Compare this tutorial for configuring SSL for Kubernetes services to an equivalent for configuring SSL on an AWS load balancer. Is Kubernetes really adding value here?

https://blog.karmacomputing.co.uk/kubernetes-cluster-with-ss... https://aws.amazon.com/premiumsupport/knowledge-center/assoc...

[parasubvert]

Kubernetes is far better for each of the above tasks because it is a consistent approach and set of abstractions rather than looking through the arbitrary "everything store" of the cloud providers. I really don't have any interest in relying on 15 different options from cloud providers, I want to get going with a set of extensible, composable abstractions and control logic. Software should not be tied to the hardware I rent or the marketing whims of said entity.

Yes, there is choice and variety among Kubernetes extensions, but they all have fundamental operational assumptions that are aligned because they sit inside the Kubernetes control and API model. It is a golden era to have such a rich set of open and elegant building blocks for modern distributed systems platform design and operations.

[throwaway894345]

Well, first of all, note how much shorter your list is than the original. So vanilla Kubernetes is already taking care of lots of things for us (SSH configuration, process management, log exfiltration, etc). Moreover, we're not talking about vanilla Kubernetes, but managed Kubernetes (I've been very clear and explicit about this) so most of your points are already handled.

> You still need to figure out where your persistent storage is.

Managed Kubernetes comes with persistent storage solutions out of the box. I don't know what you mean by "figure out where it is". On EKS it's EFS, on GKE it's FileStore, and of course you can use other off-the-shelf solutions if you prefer, but there are defaults that you don't have to laboriously set up.

> You still have to send logs somewhere for aggregation.

No, these too are automatically sent to CloudWatch or equivalent (maybe you have to explicitly say "use cloudwatch" in some configuration option when setting up the cluster, but still that's a lot different than writing ansible scripts to install and configure fluentd on each host).

> You have the added difficulty of figuring out cost tracking in Kubernetes since there is not a clear delineation between cloud resources.

This isn't true at all. Your cloud provider still rolls up costs by type of resource, and just like with VMs you still have to tag things in order to roll costs up by business unit.

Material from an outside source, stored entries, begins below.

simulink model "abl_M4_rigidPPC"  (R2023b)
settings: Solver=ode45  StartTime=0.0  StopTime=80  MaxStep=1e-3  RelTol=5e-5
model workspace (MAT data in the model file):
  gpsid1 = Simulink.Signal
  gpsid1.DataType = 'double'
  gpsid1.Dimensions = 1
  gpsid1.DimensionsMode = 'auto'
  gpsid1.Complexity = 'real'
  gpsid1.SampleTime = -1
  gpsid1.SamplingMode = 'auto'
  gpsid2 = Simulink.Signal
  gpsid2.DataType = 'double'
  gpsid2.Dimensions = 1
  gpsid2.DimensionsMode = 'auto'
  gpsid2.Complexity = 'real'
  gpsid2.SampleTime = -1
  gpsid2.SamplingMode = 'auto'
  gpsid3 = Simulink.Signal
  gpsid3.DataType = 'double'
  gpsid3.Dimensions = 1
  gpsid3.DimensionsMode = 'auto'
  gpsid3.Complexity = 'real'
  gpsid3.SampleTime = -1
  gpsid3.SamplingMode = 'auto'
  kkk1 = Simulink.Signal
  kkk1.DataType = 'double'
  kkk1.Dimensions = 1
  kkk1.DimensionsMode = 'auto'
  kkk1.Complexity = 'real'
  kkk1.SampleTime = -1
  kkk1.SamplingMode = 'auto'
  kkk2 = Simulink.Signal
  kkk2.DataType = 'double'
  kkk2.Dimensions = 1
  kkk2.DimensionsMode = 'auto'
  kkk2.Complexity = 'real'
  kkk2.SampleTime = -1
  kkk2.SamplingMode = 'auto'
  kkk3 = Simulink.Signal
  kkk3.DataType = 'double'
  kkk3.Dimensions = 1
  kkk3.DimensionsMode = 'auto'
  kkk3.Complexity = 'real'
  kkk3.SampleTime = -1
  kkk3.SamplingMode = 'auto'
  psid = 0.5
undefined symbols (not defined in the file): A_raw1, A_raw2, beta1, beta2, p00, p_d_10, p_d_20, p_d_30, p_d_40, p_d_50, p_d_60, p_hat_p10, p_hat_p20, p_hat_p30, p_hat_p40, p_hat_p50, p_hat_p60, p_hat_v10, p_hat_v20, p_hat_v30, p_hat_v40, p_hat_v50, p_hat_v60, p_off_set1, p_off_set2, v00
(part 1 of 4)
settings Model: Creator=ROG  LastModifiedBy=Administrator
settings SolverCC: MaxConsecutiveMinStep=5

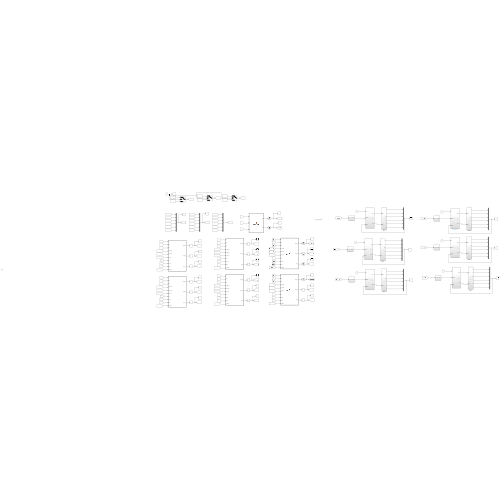
[thumbnail: Simulink's stored preview of the top-level diagram]
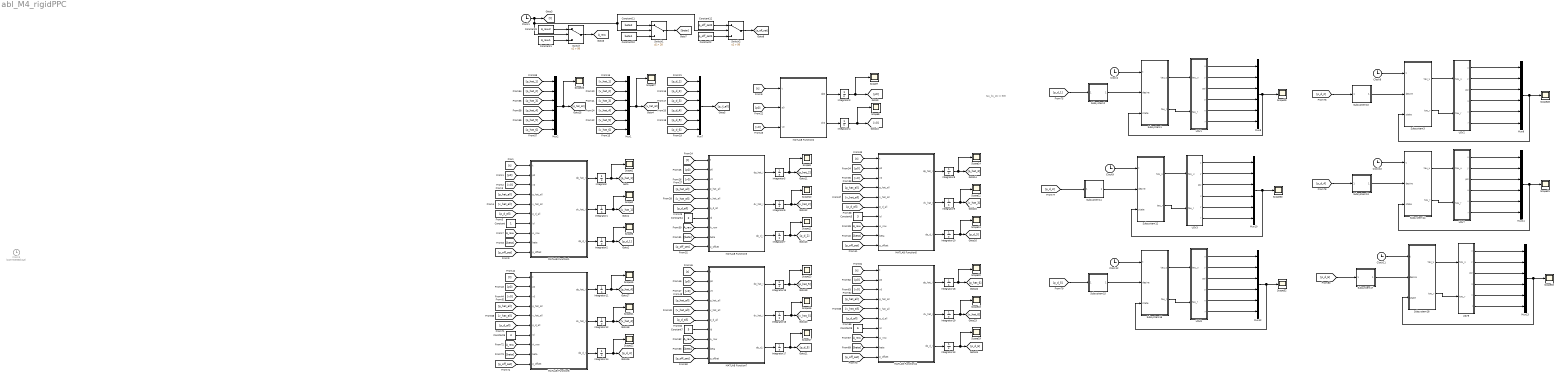
== system abl_M4_rigidPPC ==
  note: tau_bu_psi = 500
  note: l
  Clock{1..2,8..12} (7 alike) : Clock
  Clock3 : Clock  Commented=on
  Constant : Constant
  Constant1 : Constant  Value=A_raw1
  Constant10 : Constant  Value=beta1
  Constant11 : Constant  Value=beta2
  Constant12 : Constant  Value=p_off_set2
  Constant2 : Constant  Value=p_off_set1
  Constant4 : Constant  Value=2
  Constant5 : Constant  Value=3
  Constant6 : Constant  Value=4
  Constant7 : Constant  Value=5
  Constant8 : Constant  Value=6
  Constant9 : Constant  Value=A_raw2
  Integrator : Integrator  InitialCondition=p_hat_p10
  Integrator1 : Integrator  InitialCondition=p_hat_v10
  Integrator10 : Integrator  InitialCondition=p_d_30
  Integrator11 : Integrator  InitialCondition=p_hat_p40
  Integrator12 : Integrator  InitialCondition=p_hat_v40
  Integrator13 : Integrator  InitialCondition=p_d_60
  Integrator14 : Integrator  InitialCondition=p_d_40
  Integrator15 : Integrator  InitialCondition=p_hat_p50
  Integrator16 : Integrator  InitialCondition=p_hat_v50
  Integrator17 : Integrator  InitialCondition=p_d_50
  Integrator18 : Integrator  InitialCondition=p_hat_p60
  Integrator19 : Integrator  InitialCondition=p_hat_v60
  Integrator2 : Integrator  InitialCondition=p_d_10
  Integrator3 : Integrator  InitialCondition=p00
  Integrator4 : Integrator  InitialCondition=v00
  Integrator5 : Integrator  InitialCondition=p_hat_p20
  Integrator6 : Integrator  InitialCondition=p_hat_v20
  Integrator7 : Integrator  InitialCondition=p_d_20
  Integrator8 : Integrator  InitialCondition=p_hat_p30
  Integrator9 : Integrator  InitialCondition=p_hat_v30
  MATLAB Function1 : MATLAB Function  TreatAsAtomicUnit=on
  MATLAB Function11 : MATLAB Function  TreatAsAtomicUnit=on
  MATLAB Function2 : MATLAB Function  TreatAsAtomicUnit=on
  MATLAB Function3 : MATLAB Function  TreatAsAtomicUnit=on
  MATLAB Function5 : MATLAB Function  TreatAsAtomicUnit=on
  MATLAB Function6 : MATLAB Function  TreatAsAtomicUnit=on
  MATLAB Function7 : MATLAB Function  TreatAsAtomicUnit=on
  Mux{1..2,7..13} (9 alike) : Mux  Inputs=6
  Scope{1..2,6..23,26..33} (28 alike) : Scope
  Subsystem1 : Subsystem
  Subsystem10 : Subsystem
  Subsystem11 : Subsystem
  Subsystem12 : Subsystem
  Subsystem13 : Subsystem
  Subsystem14 : Subsystem
  Subsystem15 : Subsystem
  Subsystem16 : Subsystem
  Subsystem17 : Subsystem
  Subsystem18 : Subsystem
  Subsystem2 : Subsystem
  Subsystem3 : Subsystem
  Switch : Switch  Criteria=u2 > Threshold  Threshold=50  SaturateOnIntegerOverflow=off  InputSameDT=off
  Switch1 : Switch  Criteria=u2 > Threshold  Threshold=20  SaturateOnIntegerOverflow=off  InputSameDT=off
  Switch2 : Switch  Criteria=u2 > Threshold  Threshold=50  SaturateOnIntegerOverflow=off  InputSameDT=off
  USV1 : Subsystem
  USV2 : Subsystem
  USV3 : Subsystem
  USV7 : Subsystem
  USV8 : Subsystem
  USV9 : Subsystem
  tag scope: A_raw=global
  wires:
  MATLAB Function1/1(dp_hat_i) -> Integrator/1
  MATLAB Function1/2(dv_hat_i) -> Integrator1/1
  MATLAB Function1/3(dp_d_i) -> Integrator2/1
  Integrator/1 -> Scope1/1, [p_hat_1]
  Integrator1/1 -> Scope2/1, [v_hat_1]
  Integrator2/1 -> Scope6/1, [p_d_1]
  [t] -> MATLAB Function1/1(t)
  [p0] -> MATLAB Function1/2(p0)
  [v0] -> MATLAB Function1/3(v0)
  [p_hat_all] -> MATLAB Function1/4(p_hat_all)
  [v_hat_all] -> MATLAB Function1/5(v_hat_all)
  [p_d_all] -> MATLAB Function1/6(p_d_all)
  Constant/1 -> MATLAB Function1/7(id)
  [A_raw] -> MATLAB Function1/8(A_row)
  [beta] -> MATLAB Function1/9(beta)
  [p_off_set] -> MATLAB Function1/10(p_offset)
  [p_hat_3] -> Mux2/3
  [p_hat_1] -> Mux2/1
  [p_hat_6] -> Mux2/6
  [p_hat_4] -> Mux2/4
  [p_hat_5] -> Mux2/5
  Mux2/1 -> Scope26/1, [p_hat_all]
  [p_hat_2] -> Mux2/2
  [v_hat_1] -> Mux1/1
  [v_hat_4] -> Mux1/4
  [v_hat_2] -> Mux1/2
  [v_hat_6] -> Mux1/6
  Mux1/1 -> Scope27/1, [v_hat_all]
  [v_hat_5] -> Mux1/5
  [v_hat_3] -> Mux1/3
  [p_d_5] -> Mux7/5
  [p_d_4] -> Mux7/4
  [p_d_6] -> Mux7/6
  [p_d_2] -> Mux7/2
  Mux7/1 -> [p_d_all]
  [p_d_1] -> Mux7/1
  [p_d_3] -> Mux7/3
  MATLAB Function2/1(dp0) -> Integrator3/1
  MATLAB Function2/2(dv0) -> Integrator4/1
  Integrator4/1 -> Scope8/1, [v0]
  Integrator3/1 -> Scope7/1, [p0]
  [t] -> MATLAB Function2/1(t)
  [p0] -> MATLAB Function2/2(p0)
  [v0] -> MATLAB Function2/3(v0)
  Integrator7/1 -> Scope11/1, [p_d_2]
  Integrator5/1 -> Scope9/1, [p_hat_2]
  Integrator6/1 -> Scope10/1, [v_hat_2]
  MATLAB Function3/2(dv_hat_i) -> Integrator6/1
  [p0] -> MATLAB Function3/2(p0)
  MATLAB Function3/1(dp_hat_i) -> Integrator5/1
  [t] -> MATLAB Function3/1(t)
  [p_off_set] -> MATLAB Function3/10(p_offset)
  [p_d_all] -> MATLAB Function3/6(p_d_all)
  [v_hat_all] -> MATLAB Function3/5(v_hat_all)
  [p_hat_all] -> MATLAB Function3/4(p_hat_all)
  Constant4/1 -> MATLAB Function3/7(id)
  [A_raw] -> MATLAB Function3/8(A_row)
  MATLAB Function3/3(dp_d_i) -> Integrator7/1
  [beta] -> MATLAB Function3/9(beta)
  [v0] -> MATLAB Function3/3(v0)
  [beta] -> MATLAB Function5/9(beta)
  Constant5/1 -> MATLAB Function5/7(id)
  [p_hat_all] -> MATLAB Function5/4(p_hat_all)
  MATLAB Function5/3(dp_d_i) -> Integrator10/1
  [A_raw] -> MATLAB Function5/8(A_row)
  [p_d_all] -> MATLAB Function5/6(p_d_all)
  [v_hat_all] -> MATLAB Function5/5(v_hat_all)
  Integrator9/1 -> Scope12/1, [v_hat_3]
  [p_off_set] -> MATLAB Function5/10(p_offset)
  MATLAB Function5/1(dp_hat_i) -> Integrator8/1
  MATLAB Function5/2(dv_hat_i) -> Integrator9/1
  Integrator8/1 -> Scope14/1, [p_hat_3]
  [p0] -> MATLAB Function5/2(p0)
  Integrator10/1 -> Scope13/1, [p_d_3]
  [v0] -> MATLAB Function5/3(v0)
  [t] -> MATLAB Function5/1(t)
  Integrator14/1 -> Scope22/1, [p_d_4]
  Integrator11/1 -> Scope15/1, [p_hat_4]
  Integrator12/1 -> Scope21/1, [v_hat_4]
  MATLAB Function6/2(dv_hat_i) -> Integrator12/1
  MATLAB Function6/1(dp_hat_i) -> Integrator11/1
  Integrator13/1 -> Scope19/1, [p_d_6]
  Integrator19/1 -> Scope18/1, [v_hat_6]
  [v_hat_all] -> MATLAB Function11/5(v_hat_all)
  [p_d_all] -> MATLAB Function11/6(p_d_all)
  [p0] -> MATLAB Function6/2(p0)
  [A_raw] -> MATLAB Function11/8(A_row)
  [p_hat_all] -> MATLAB Function11/4(p_hat_all)
  MATLAB Function11/3(dp_d_i) -> Integrator13/1
  Constant8/1 -> MATLAB Function11/7(id)
  [beta] -> MATLAB Function7/9(beta)
  Constant7/1 -> MATLAB Function7/7(id)
  [p_hat_all] -> MATLAB Function7/4(p_hat_all)
  MATLAB Function7/3(dp_d_i) -> Integrator17/1
  [p_d_all] -> MATLAB Function7/6(p_d_all)
  [v_hat_all] -> MATLAB Function7/5(v_hat_all)
  [t] -> MATLAB Function11/1(t)
  Integrator16/1 -> Scope16/1, [v_hat_5]
  [v0] -> MATLAB Function11/3(v0)
  MATLAB Function7/1(dp_hat_i) -> Integrator15/1
  [p_off_set] -> MATLAB Function11/10(p_offset)
  [p0] -> MATLAB Function11/2(p0)
  [t] -> MATLAB Function7/1(t)
  [p0] -> MATLAB Function7/2(p0)
  Integrator15/1 -> Scope23/1, [p_hat_5]
  MATLAB Function11/2(dv_hat_i) -> Integrator19/1
  Integrator18/1 -> Scope20/1, [p_hat_6]
  Integrator17/1 -> Scope17/1, [p_d_5]
  MATLAB Function11/1(dp_hat_i) -> Integrator18/1
  [v0] -> MATLAB Function7/3(v0)
  [p_off_set] -> MATLAB Function7/10(p_offset)
  [A_raw] -> MATLAB Function7/8(A_row)
  [t] -> MATLAB Function6/1(t)
  [p_d_all] -> MATLAB Function6/6(p_d_all)
  [p_off_set] -> MATLAB Function6/10(p_offset)
  [v_hat_all] -> MATLAB Function6/5(v_hat_all)
  [p_hat_all] -> MATLAB Function6/4(p_hat_all)
  Constant6/1 -> MATLAB Function6/7(id)
  [A_raw] -> MATLAB Function6/8(A_row)
  MATLAB Function6/3(dp_d_i) -> Integrator14/1
  [beta] -> MATLAB Function6/9(beta)
  MATLAB Function7/2(dv_hat_i) -> Integrator16/1
  [v0] -> MATLAB Function6/3(v0)
  [beta] -> MATLAB Function11/9(beta)
  Switch/1 -> [A_raw]
  Constant1/1 -> Switch/3
  Constant9/1 -> Switch/1
  Constant11/1 -> Switch1/1
  Switch1/1 -> [beta]
  Constant10/1 -> Switch1/3
  Constant2/1 -> Switch2/3
  Clock1/1 -> Switch2/2, Switch1/2, Switch/2, [t]
  Constant12/1 -> Switch2/1
  Switch2/1 -> [p_off_set]
  USV1/2(y) -> Mux8/2
  [p_d_1] -> Subsystem2/1(p1_hat)
  USV1/4(u) -> Mux8/4
  USV1/1(x) -> Mux8/1
  Subsystem1/2(tau_r) -> USV1/2(tau_r)
  USV1/6(r) -> Mux8/6
  Mux8/1 -> Scope29/1, Subsystem1/3(state)
  USV1/5(v) -> Mux8/5
  Clock2/1 -> Subsystem1/1(t)
  Subsystem1/1(tau_u) -> USV1/1(tau_u)
  USV1/3(psi) -> Mux8/3
  Subsystem2/1(desire) -> Subsystem1/2(desire)
  USV2/1(x) -> Mux9/1
  Subsystem10/1(desire) -> Subsystem3/2(desire)
  Mux9/1 -> Scope28/1, Subsystem3/3(state)
  USV2/3(psi) -> Mux9/3
  Subsystem3/2(tau_r) -> USV2/2(tau_r)
  [p_d_2] -> Subsystem10/1(p1_hat)
  Clock8/1 -> Subsystem3/1(t)
  USV2/5(v) -> Mux9/5
  Subsystem3/1(tau_u) -> USV2/1(tau_u)
  USV2/6(r) -> Mux9/6
  USV2/4(u) -> Mux9/4
  USV2/2(y) -> Mux9/2
  Mux10/1 -> Scope30/1, Subsystem12/3(state)
  Clock9/1 -> Subsystem12/1(t)
  USV3/3(psi) -> Mux10/3
  Subsystem12/2(tau_r) -> USV3/2(tau_r)
  USV3/4(u) -> Mux10/4
  USV3/2(y) -> Mux10/2
  Subsystem12/1(tau_u) -> USV3/1(tau_u)
  USV3/5(v) -> Mux10/5
  USV3/6(r) -> Mux10/6
  Subsystem11/1(desire) -> Subsystem12/2(desire)
  USV3/1(x) -> Mux10/1
  USV7/2(y) -> Mux11/2
  Subsystem14/1(tau_u) -> USV7/1(tau_u)
  USV7/4(u) -> Mux11/4
  [p_d_4] -> Subsystem13/1(p1_hat)
  USV7/3(psi) -> Mux11/3
  Subsystem14/2(tau_r) -> USV7/2(tau_r)
  Mux11/1 -> Scope31/1, Subsystem14/3(state)
  Subsystem13/1(desire) -> Subsystem14/2(desire)
  USV7/1(x) -> Mux11/1
  USV7/6(r) -> Mux11/6
  Clock10/1 -> Subsystem14/1(t)
  USV7/5(v) -> Mux11/5
  Subsystem18/2(tau_r) -> USV9/2(tau_r)
  USV9/2(y) -> Mux13/2
  USV8/2(y) -> Mux12/2
  Subsystem16/1(tau_u) -> USV8/1(tau_u)
  USV8/4(u) -> Mux12/4
  Subsystem18/1(tau_u) -> USV9/1(tau_u)
  [p_d_5] -> Subsystem15/1(p1_hat)
  [p_d_6] -> Subsystem17/1(p1_hat)
  USV8/3(psi) -> Mux12/3
  Subsystem16/2(tau_r) -> USV8/2(tau_r)
  Clock12/1 -> Subsystem16/1(t)
  Mux12/1 -> Scope32/1, Subsystem16/3(state)
  USV9/3(psi) -> Mux13/3
  Subsystem17/1(desire) -> Subsystem18/2(desire)
  USV9/1(x) -> Mux13/1
  Subsystem15/1(desire) -> Subsystem16/2(desire)
  Mux13/1 -> Scope33/1, Subsystem18/3(state)
  USV8/1(x) -> Mux12/1
  USV9/6(r) -> Mux13/6
  USV8/6(r) -> Mux12/6
  USV9/5(v) -> Mux13/5
  USV9/4(u) -> Mux13/4
  Clock11/1 -> Subsystem18/1(t)
  USV8/5(v) -> Mux12/5
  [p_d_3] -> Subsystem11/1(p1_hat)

> You have to configure an ingress controller.

Nope, this also comes out of the box with your cloud provider. It hooks into the cloud provider's layer 7 load balancer offering. It's also trivial to install other load balancer controllers.

> You want SSL? Gotta set that up, too. ... Compare this tutorial for configuring SSL for Kubernetes services to an equivalent for configuring SSL on an AWS load balancer. Is Kubernetes really adding value here?

If you use cert-manager and external-dns, then you'll have DNS and SSL configured for every service you ever create on your cluster. By contrast, on AWS you'll need to manually associate DNS records and certificates with each of your load balancers. Configuring LetsEncrypt for your ACM certs is also quite a lot more complicated than for cert-manager.

> Kubernetes is no better with the creation of "bespoke solutions" than using what your cloud provider offers.

I hope by this point it's pretty clear that you're mistaken. Even if SSL/TLS is no easier with Kubernetes than with VMs/other cloud primitives, we've already addressed a long list of things you don't need to contend with if you use managed Kubernetes versus cobbling together your own system based on lower level cloud primitives. And Kubernetes is also standardized, so you can rely on lots of high quality documentation, training material, industry experience, FAQ resources (e.g., stack overflow), etc which you would have to roll yourself for your bespoke solution.